I tend to believe you should always try to talk it out one last time before leaving. Have you two been to a marriage counselor yet? Having a neutral third party there is always helpful.

Maybe some individual counseling for you too. It's easy to loose yourself once we become mothers. Find yourself again. Bring back your confidence and independence. If you would never have let him treat you this way in the past, why are you allowing it now? You have to find yourself again before you can work on your marriage.


----------



## MyKidsMom (Feb 5, 2008)

Wow MsStacy wow you are right on the money. we have done couceling once it did not work. I asked him to go once I found a pic of a stripper in his wallet he said that it did not work the first time why should we do it this time. I guess I need to work on myself first thou your right, I have lost myself. I dont even like the person that I have become, maybe that is what happened to him to that I changed and he needed or fell in love with this strong go getter that never let anyone walk on her. Even thou when I was like that he said I was to mean.

thanks again you guys please keep the advice coming it is opening my eyes


----------



## MsStacy (Nov 11, 2008)

Counseling didn't work for us the first time either. We didn't mesh too well with the first counselor so really didn't learn anything. Shortly after that we tried again with someone new and it was so helpful! We were lucky to have found her on only our second try. If he isn't open to it just yet, you go. Find a new counselor and start with you. Even if the next one doesn't do what you need them to do, find another until you get that fit. You will find it. 

It's likely that, as you say, you are not the person you used to be so he feels like he has lost you also.


----------



## Sensitive (Mar 29, 2009)

I also became a different person after becoming a mother. I realize that I do focus a lot more on being a mother than being a wife. I also discovered the appeal of flirting with an affair. It is very addictive behavior, but it can be conquered. I hope counseling helps.


----------



## MyKidsMom (Feb 5, 2008)

Sensitive- flirting with cheating I get it I do it is nice to feel good about your self ego etc. But he changed to he for got how to be my friend he for got how to talk to me he for got how to please me. I have done it all and still tell him to hell being your wife I want to be your girlfriend again I want to fall in love with him everyday and let me tell you I use to untill he changed while I was prego. Before the baby he would have never left me home, but once I got prego he was like oh well Im going.

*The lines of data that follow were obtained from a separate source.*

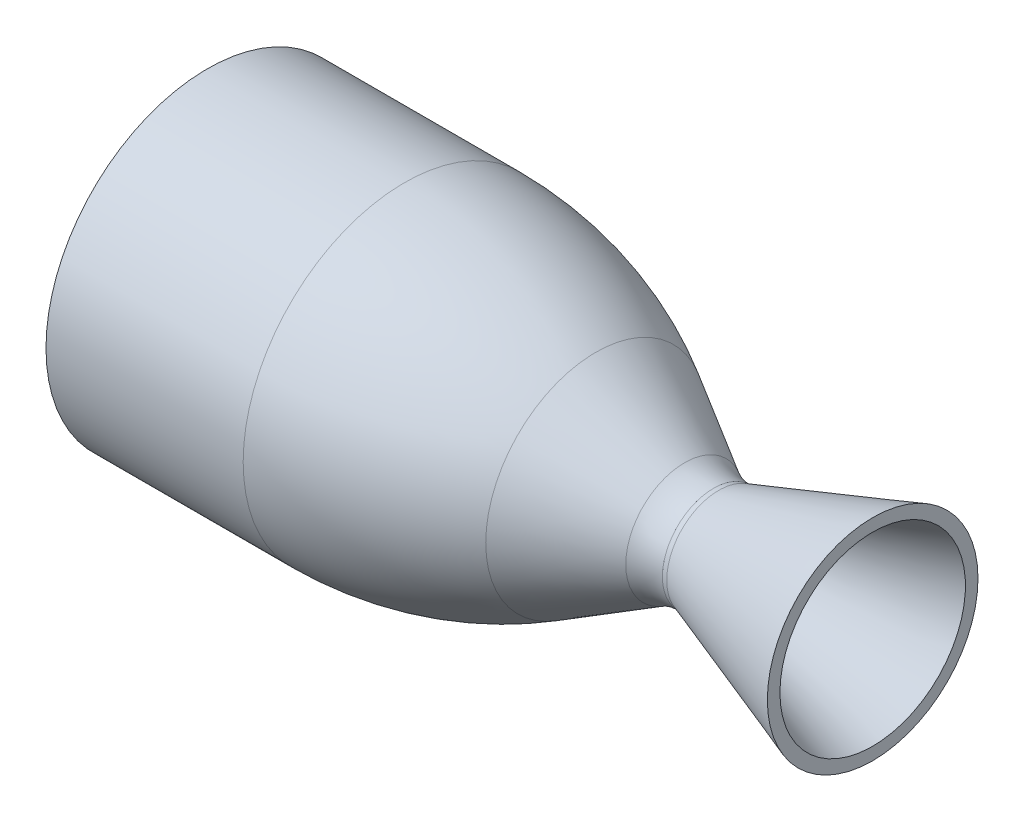
ISO-10303-21;
HEADER;
FILE_DESCRIPTION(('STEP AP214'),'2;1');
FILE_NAME('part.step','',(''),(''),'','','');
FILE_SCHEMA(('AUTOMOTIVE_DESIGN { 1 0 10303 214 1 1 1 1 }'));
ENDSEC;
DATA;
#1=APPLICATION_CONTEXT('core data for automotive mechanical design processes');
#2=APPLICATION_PROTOCOL_DEFINITION('international standard','automotive_design',2000,#1);
#3=PRODUCT_CONTEXT('',#1,'mechanical');
#4=PRODUCT('Part','Part','',(#3));
#5=PRODUCT_RELATED_PRODUCT_CATEGORY('part','',(#4));
#6=PRODUCT_DEFINITION_FORMATION('','',#4);
#7=PRODUCT_DEFINITION_CONTEXT('part definition',#1,'design');
#8=PRODUCT_DEFINITION('design','',#6,#7);
#9=PRODUCT_DEFINITION_SHAPE('','',#8);
#10=(LENGTH_UNIT() NAMED_UNIT(*) SI_UNIT(.MILLI.,.METRE.));
#11=(NAMED_UNIT(*) PLANE_ANGLE_UNIT() SI_UNIT($,.RADIAN.));
#12=(NAMED_UNIT(*) SI_UNIT($,.STERADIAN.) SOLID_ANGLE_UNIT());
#13=UNCERTAINTY_MEASURE_WITH_UNIT(LENGTH_MEASURE(1.E-05),#10,'distance_accuracy_value','');
#14=(GEOMETRIC_REPRESENTATION_CONTEXT(3) GLOBAL_UNCERTAINTY_ASSIGNED_CONTEXT((#13)) GLOBAL_UNIT_ASSIGNED_CONTEXT((#10,
#11,#12)) REPRESENTATION_CONTEXT('',''));
#15=CARTESIAN_POINT('',(0.,0.,0.));
#16=DIRECTION('',(0.,0.,1.));
#17=DIRECTION('',(1.,0.,0.));
#18=AXIS2_PLACEMENT_3D('',#15,#16,#17);
#19=CARTESIAN_POINT('',(0.,0.,0.));
#20=DIRECTION('',(-1.,0.,0.));
#21=DIRECTION('',(0.,0.,1.));
#22=AXIS2_PLACEMENT_3D('',#19,#20,#21);
#23=CYLINDRICAL_SURFACE('',#22,48.395128);
#24=CARTESIAN_POINT('',(64.1413245999998,0.,0.));
#25=DIRECTION('',(-1.,0.,0.));
#26=DIRECTION('',(0.,0.,1.));
#27=AXIS2_PLACEMENT_3D('',#24,#25,#26);
#28=CIRCLE('',#27,48.395128);
#29=CARTESIAN_POINT('',(64.1413245999998,0.,48.395128));
#30=VERTEX_POINT('',#29);
#31=EDGE_CURVE('E96',#30,#30,#28,.T.);
#32=ORIENTED_EDGE('',*,*,#31,.F.);
#33=EDGE_LOOP('',(#32));
#34=FACE_BOUND('',#33,.T.);
#35=CARTESIAN_POINT('',(0.,0.,0.));
#36=DIRECTION('',(-1.,0.,0.));
#37=DIRECTION('',(0.,0.,1.));
#38=AXIS2_PLACEMENT_3D('',#35,#36,#37);
#39=CIRCLE('',#38,48.395128);
#40=CARTESIAN_POINT('',(0.,0.,48.395128));
#41=VERTEX_POINT('',#40);
#42=EDGE_CURVE('E10',#41,#41,#39,.T.);
#43=ORIENTED_EDGE('',*,*,#42,.T.);
#44=EDGE_LOOP('',(#43));
#45=FACE_BOUND('',#44,.T.);
#46=ADVANCED_FACE('F37',(#34,#45),#23,.F.);
#47=CARTESIAN_POINT('',(0.,48.395128,0.));
#48=DIRECTION('',(1.,0.,0.));
#49=DIRECTION('',(0.,0.,-1.));
#50=AXIS2_PLACEMENT_3D('',#47,#48,#49);
#51=PLANE('',#50);
#52=ORIENTED_EDGE('',*,*,#42,.F.);
#53=EDGE_LOOP('',(#52));
#54=FACE_BOUND('',#53,.T.);
#55=CARTESIAN_POINT('',(0.,0.,0.));
#56=DIRECTION('',(-1.,0.,0.));
#57=DIRECTION('',(0.,0.,1.));
#58=AXIS2_PLACEMENT_3D('',#55,#56,#57);
#59=CIRCLE('',#58,52.4820150622349);
#60=CARTESIAN_POINT('',(0.,0.,52.4820150622349));
#61=VERTEX_POINT('',#60);
#62=EDGE_CURVE('E44',#61,#61,#59,.T.);
#63=ORIENTED_EDGE('',*,*,#62,.T.);
#64=EDGE_LOOP('',(#63));
#65=FACE_BOUND('',#64,.T.);
#66=ADVANCED_FACE('F104',(#54,#65),#51,.F.);
#67=CARTESIAN_POINT('',(0.,0.,0.));
#68=DIRECTION('',(-1.,0.,0.));
#69=DIRECTION('',(0.,0.,1.));
#70=AXIS2_PLACEMENT_3D('',#67,#68,#69);
#71=CYLINDRICAL_SURFACE('',#70,52.4820150622349);
#72=ORIENTED_EDGE('',*,*,#62,.F.);
#73=EDGE_LOOP('',(#72));
#74=FACE_BOUND('',#73,.T.);
#75=CARTESIAN_POINT('',(64.1413245999998,0.,0.));
#76=DIRECTION('',(-1.,0.,0.));
#77=DIRECTION('',(0.,0.,1.));
#78=AXIS2_PLACEMENT_3D('',#75,#76,#77);
#79=CIRCLE('',#78,52.4820150622349);
#80=CARTESIAN_POINT('',(64.1413245999998,0.,52.4820150622349));
#81=VERTEX_POINT('',#80);
#82=EDGE_CURVE('E49',#81,#81,#79,.T.);
#83=ORIENTED_EDGE('',*,*,#82,.T.);
#84=EDGE_LOOP('',(#83));
#85=FACE_BOUND('',#84,.T.);
#86=ADVANCED_FACE('F108',(#74,#85),#71,.T.);
#87=CARTESIAN_POINT('',(64.1413245999998,0.,0.));
#88=DIRECTION('',(-1.,0.,0.));
#89=DIRECTION('',(0.,0.,1.));
#90=AXIS2_PLACEMENT_3D('',#87,#88,#89);
#91=DEGENERATE_TOROIDAL_SURFACE('',#90,71.9761443498547,124.45815941209,.F.);
#92=ORIENTED_EDGE('',*,*,#82,.F.);
#93=EDGE_LOOP('',(#92));
#94=FACE_BOUND('',#93,.T.);
#95=CARTESIAN_POINT('',(126.3704864,0.,0.));
#96=DIRECTION('',(-1.,0.,0.));
#97=DIRECTION('',(0.,0.,1.));
#98=AXIS2_PLACEMENT_3D('',#95,#96,#97);
#99=CIRCLE('',#98,35.8077360122592);
#100=CARTESIAN_POINT('',(126.3704864,0.,35.8077360122592));
#101=VERTEX_POINT('',#100);
#102=EDGE_CURVE('E54',#101,#101,#99,.T.);
#103=ORIENTED_EDGE('',*,*,#102,.T.);
#104=EDGE_LOOP('',(#103));
#105=FACE_BOUND('',#104,.T.);
#106=ADVANCED_FACE('F113',(#94,#105),#91,.F.);
#107=CARTESIAN_POINT('',(155.25115,0.,0.));
#108=DIRECTION('',(-1.,0.,0.));
#109=DIRECTION('',(0.,0.,1.));
#110=AXIS2_PLACEMENT_3D('',#107,#108,#109);
#111=CONICAL_SURFACE('',#110,19.1334914622348,0.52359840284508);
#112=ORIENTED_EDGE('',*,*,#102,.F.);
#113=EDGE_LOOP('',(#112));
#114=FACE_BOUND('',#113,.T.);
#115=CARTESIAN_POINT('',(155.25115,0.,0.));
#116=DIRECTION('',(-1.,0.,0.));
#117=DIRECTION('',(0.,0.,1.));
#118=AXIS2_PLACEMENT_3D('',#115,#116,#117);
#119=CIRCLE('',#118,19.1334914622348);
#120=CARTESIAN_POINT('',(155.25115,0.,19.1334914622348));
#121=VERTEX_POINT('',#120);
#122=EDGE_CURVE('E60',#121,#121,#119,.T.);
#123=ORIENTED_EDGE('',*,*,#122,.T.);
#124=EDGE_LOOP('',(#123));
#125=FACE_BOUND('',#124,.T.);
#126=ADVANCED_FACE('F119',(#114,#125),#111,.T.);
#127=CARTESIAN_POINT('',(164.647716021453,0.,0.));
#128=DIRECTION('',(-1.,0.,0.));
#129=DIRECTION('',(0.,0.,1.));
#130=AXIS2_PLACEMENT_3D('',#127,#128,#129);
#131=TOROIDAL_SURFACE('',#130,35.4088352384769,18.7931441762785);
#132=ORIENTED_EDGE('',*,*,#122,.F.);
#133=EDGE_LOOP('',(#132));
#134=FACE_BOUND('',#133,.T.);
#135=CARTESIAN_POINT('',(164.647753,0.,0.));
#136=DIRECTION('',(-1.,0.,0.));
#137=DIRECTION('',(0.,0.,1.));
#138=AXIS2_PLACEMENT_3D('',#135,#136,#137);
#139=CIRCLE('',#138,16.6156910622348);
#140=CARTESIAN_POINT('',(164.647753,0.,16.6156910622348));
#141=VERTEX_POINT('',#140);
#142=EDGE_CURVE('E64',#141,#141,#139,.T.);
#143=ORIENTED_EDGE('',*,*,#142,.T.);
#144=EDGE_LOOP('',(#143));
#145=FACE_BOUND('',#144,.T.);
#146=ADVANCED_FACE('F123',(#134,#145),#131,.F.);
#147=CARTESIAN_POINT('',(166.354248118231,0.,0.));
#148=DIRECTION('',(1.,0.,0.));
#149=DIRECTION('',(0.,0.,-1.));
#150=AXIS2_PLACEMENT_3D('',#147,#148,#149);
#151=CONICAL_SURFACE('',#150,16.9073761222708,0.16929039408928);
#152=ORIENTED_EDGE('',*,*,#142,.F.);
#153=EDGE_LOOP('',(#152));
#154=FACE_BOUND('',#153,.T.);
#155=CARTESIAN_POINT('',(166.354248118231,0.,0.));
#156=DIRECTION('',(-1.,0.,0.));
#157=DIRECTION('',(0.,0.,1.));
#158=AXIS2_PLACEMENT_3D('',#155,#156,#157);
#159=CIRCLE('',#158,16.9073761222708);
#160=CARTESIAN_POINT('',(166.354248118231,0.,16.9073761222708));
#161=VERTEX_POINT('',#160);
#162=EDGE_CURVE('E68',#161,#161,#159,.T.);
#163=ORIENTED_EDGE('',*,*,#162,.T.);
#164=EDGE_LOOP('',(#163));
#165=FACE_BOUND('',#164,.T.);
#166=ADVANCED_FACE('F127',(#154,#165),#151,.T.);
#167=CARTESIAN_POINT('',(216.430424318231,0.,0.));
#168=DIRECTION('',(1.,0.,0.));
#169=DIRECTION('',(0.,0.,-1.));
#170=AXIS2_PLACEMENT_3D('',#167,#168,#169);
#171=CONICAL_SURFACE('',#170,34.2602259845056,0.333579320494228);
#172=ORIENTED_EDGE('',*,*,#162,.F.);
#173=EDGE_LOOP('',(#172));
#174=FACE_BOUND('',#173,.T.);
#175=CARTESIAN_POINT('',(216.430424318231,0.,0.));
#176=DIRECTION('',(-1.,0.,0.));
#177=DIRECTION('',(0.,0.,1.));
#178=AXIS2_PLACEMENT_3D('',#175,#176,#177);
#179=CIRCLE('',#178,34.2602259845056);
#180=CARTESIAN_POINT('',(216.430424318231,0.,34.2602259845056));
#181=VERTEX_POINT('',#180);
#182=EDGE_CURVE('E72',#181,#181,#179,.T.);
#183=ORIENTED_EDGE('',*,*,#182,.T.);
#184=EDGE_LOOP('',(#183));
#185=FACE_BOUND('',#184,.T.);
#186=ADVANCED_FACE('F131',(#174,#185),#171,.T.);
#187=CARTESIAN_POINT('',(216.430424318231,34.2602259845056,0.));
#188=DIRECTION('',(-1.,0.,0.));
#189=DIRECTION('',(0.,0.,1.));
#190=AXIS2_PLACEMENT_3D('',#187,#188,#189);
#191=PLANE('',#190);
#192=ORIENTED_EDGE('',*,*,#182,.F.);
#193=EDGE_LOOP('',(#192));
#194=FACE_BOUND('',#193,.T.);
#195=CARTESIAN_POINT('',(216.430424318231,0.,0.));
#196=DIRECTION('',(-1.,0.,0.));
#197=DIRECTION('',(0.,0.,1.));
#198=AXIS2_PLACEMENT_3D('',#195,#196,#197);
#199=CIRCLE('',#198,30.1733389222708);
#200=CARTESIAN_POINT('',(216.430424318231,0.,30.1733389222708));
#201=VERTEX_POINT('',#200);
#202=EDGE_CURVE('E76',#201,#201,#199,.T.);
#203=ORIENTED_EDGE('',*,*,#202,.T.);
#204=EDGE_LOOP('',(#203));
#205=FACE_BOUND('',#204,.T.);
#206=ADVANCED_FACE('F135',(#194,#205),#191,.F.);
#207=CARTESIAN_POINT('',(166.354248118231,0.,0.));
#208=DIRECTION('',(1.,0.,0.));
#209=DIRECTION('',(0.,0.,-1.));
#210=AXIS2_PLACEMENT_3D('',#207,#208,#209);
#211=CONICAL_SURFACE('',#210,12.8433761222708,0.333171216999185);
#212=ORIENTED_EDGE('',*,*,#202,.F.);
#213=EDGE_LOOP('',(#212));
#214=FACE_BOUND('',#213,.T.);
#215=CARTESIAN_POINT('',(166.354248118231,0.,0.));
#216=DIRECTION('',(-1.,0.,0.));
#217=DIRECTION('',(0.,0.,1.));
#218=AXIS2_PLACEMENT_3D('',#215,#216,#217);
#219=CIRCLE('',#218,12.8433761222708);
#220=CARTESIAN_POINT('',(166.354248118231,0.,12.8433761222708));
#221=VERTEX_POINT('',#220);
#222=EDGE_CURVE('E80',#221,#221,#219,.T.);
#223=ORIENTED_EDGE('',*,*,#222,.T.);
#224=EDGE_LOOP('',(#223));
#225=FACE_BOUND('',#224,.T.);
#226=ADVANCED_FACE('F139',(#214,#225),#211,.F.);
#227=CARTESIAN_POINT('',(164.466461504674,0.,0.));
#228=DIRECTION('',(-1.,0.,0.));
#229=DIRECTION('',(0.,0.,1.));
#230=AXIS2_PLACEMENT_3D('',#227,#228,#229);
#231=TOROIDAL_SURFACE('',#230,18.2982715643115,5.77231518386863);
#232=ORIENTED_EDGE('',*,*,#222,.F.);
#233=EDGE_LOOP('',(#232));
#234=FACE_BOUND('',#233,.T.);
#235=CARTESIAN_POINT('',(164.647753,0.,0.));
#236=DIRECTION('',(-1.,0.,0.));
#237=DIRECTION('',(0.,0.,1.));
#238=AXIS2_PLACEMENT_3D('',#235,#236,#237);
#239=CIRCLE('',#238,12.528804);
#240=CARTESIAN_POINT('',(164.647753,0.,12.528804));
#241=VERTEX_POINT('',#240);
#242=EDGE_CURVE('E84',#241,#241,#239,.T.);
#243=ORIENTED_EDGE('',*,*,#242,.T.);
#244=EDGE_LOOP('',(#243));
#245=FACE_BOUND('',#244,.T.);
#246=ADVANCED_FACE('F143',(#234,#245),#231,.T.);
#247=CARTESIAN_POINT('',(164.119203415729,0.,0.));
#248=DIRECTION('',(-1.,0.,0.));
#249=DIRECTION('',(0.,0.,1.));
#250=AXIS2_PLACEMENT_3D('',#247,#248,#249);
#251=TOROIDAL_SURFACE('',#250,29.3495030465641,16.8290011907455);
#252=ORIENTED_EDGE('',*,*,#242,.F.);
#253=EDGE_LOOP('',(#252));
#254=FACE_BOUND('',#253,.T.);
#255=CARTESIAN_POINT('',(155.25115,0.,0.));
#256=DIRECTION('',(-1.,0.,0.));
#257=DIRECTION('',(0.,0.,1.));
#258=AXIS2_PLACEMENT_3D('',#255,#256,#257);
#259=CIRCLE('',#258,15.0466044);
#260=CARTESIAN_POINT('',(155.25115,0.,15.0466044));
#261=VERTEX_POINT('',#260);
#262=EDGE_CURVE('E88',#261,#261,#259,.T.);
#263=ORIENTED_EDGE('',*,*,#262,.T.);
#264=EDGE_LOOP('',(#263));
#265=FACE_BOUND('',#264,.T.);
#266=ADVANCED_FACE('F147',(#254,#265),#251,.T.);
#267=CARTESIAN_POINT('',(126.3704864,0.,0.));
#268=DIRECTION('',(-1.,0.,0.));
#269=DIRECTION('',(0.,0.,1.));
#270=AXIS2_PLACEMENT_3D('',#267,#268,#269);
#271=CONICAL_SURFACE('',#270,31.7208489500244,0.52359840284508);
#272=ORIENTED_EDGE('',*,*,#262,.F.);
#273=EDGE_LOOP('',(#272));
#274=FACE_BOUND('',#273,.T.);
#275=CARTESIAN_POINT('',(126.3704864,0.,0.));
#276=DIRECTION('',(-1.,0.,0.));
#277=DIRECTION('',(0.,0.,1.));
#278=AXIS2_PLACEMENT_3D('',#275,#276,#277);
#279=CIRCLE('',#278,31.7208489500244);
#280=CARTESIAN_POINT('',(126.3704864,0.,31.7208489500244));
#281=VERTEX_POINT('',#280);
#282=EDGE_CURVE('E92',#281,#281,#279,.T.);
#283=ORIENTED_EDGE('',*,*,#282,.T.);
#284=EDGE_LOOP('',(#283));
#285=FACE_BOUND('',#284,.T.);
#286=ADVANCED_FACE('F151',(#274,#285),#271,.F.);
#287=CARTESIAN_POINT('',(64.141183413267,0.,0.));
#288=DIRECTION('',(-1.,0.,0.));
#289=DIRECTION('',(0.,0.,1.));
#290=AXIS2_PLACEMENT_3D('',#287,#288,#289);
#291=DEGENERATE_TOROIDAL_SURFACE('',#290,76.0635583273467,124.458686327427,.F.);
#292=ORIENTED_EDGE('',*,*,#282,.F.);
#293=EDGE_LOOP('',(#292));
#294=FACE_BOUND('',#293,.T.);
#295=ORIENTED_EDGE('',*,*,#31,.T.);
#296=EDGE_LOOP('',(#295));
#297=FACE_BOUND('',#296,.T.);
#298=ADVANCED_FACE('F101',(#294,#297),#291,.T.);
#299=CLOSED_SHELL('',(#46,#66,#86,#106,#126,#146,#166,#186,#206,#226,#246,#266,#286,#298));
#300=MANIFOLD_SOLID_BREP('B2',#299);
#301=ADVANCED_BREP_SHAPE_REPRESENTATION('',(#18,#300),#14);
#302=SHAPE_DEFINITION_REPRESENTATION(#9,#301);
ENDSEC;
END-ISO-10303-21;

I mean I was still cool as beans while prego he would call me at 1-2 in the AM and ask me to go and pick up a trailer and drive 30 min away from our house to pick up one of his buddys that had broken down on his Harley, I use to before he would go out to the bar I would ask can I go so you all have a DD he would say na just stay here. Im not saying I have nothing to do with this I take my part 100% but I though we were suppost to be a family not roomates. Of course he is doing everything he can right now cause he knows Im pissed but I guess Im being passive aggresive (oh I hate that) but I fear in a week or 2 he will be right back and he is really only happy when we are doing what he wants to do he never put's our son or me in front of any one or anything.


----------



## TabbyCat (Jun 13, 2009)

Have you asked Dr Laura, or read any of her books? I notice your name is MyKidsMom.


----------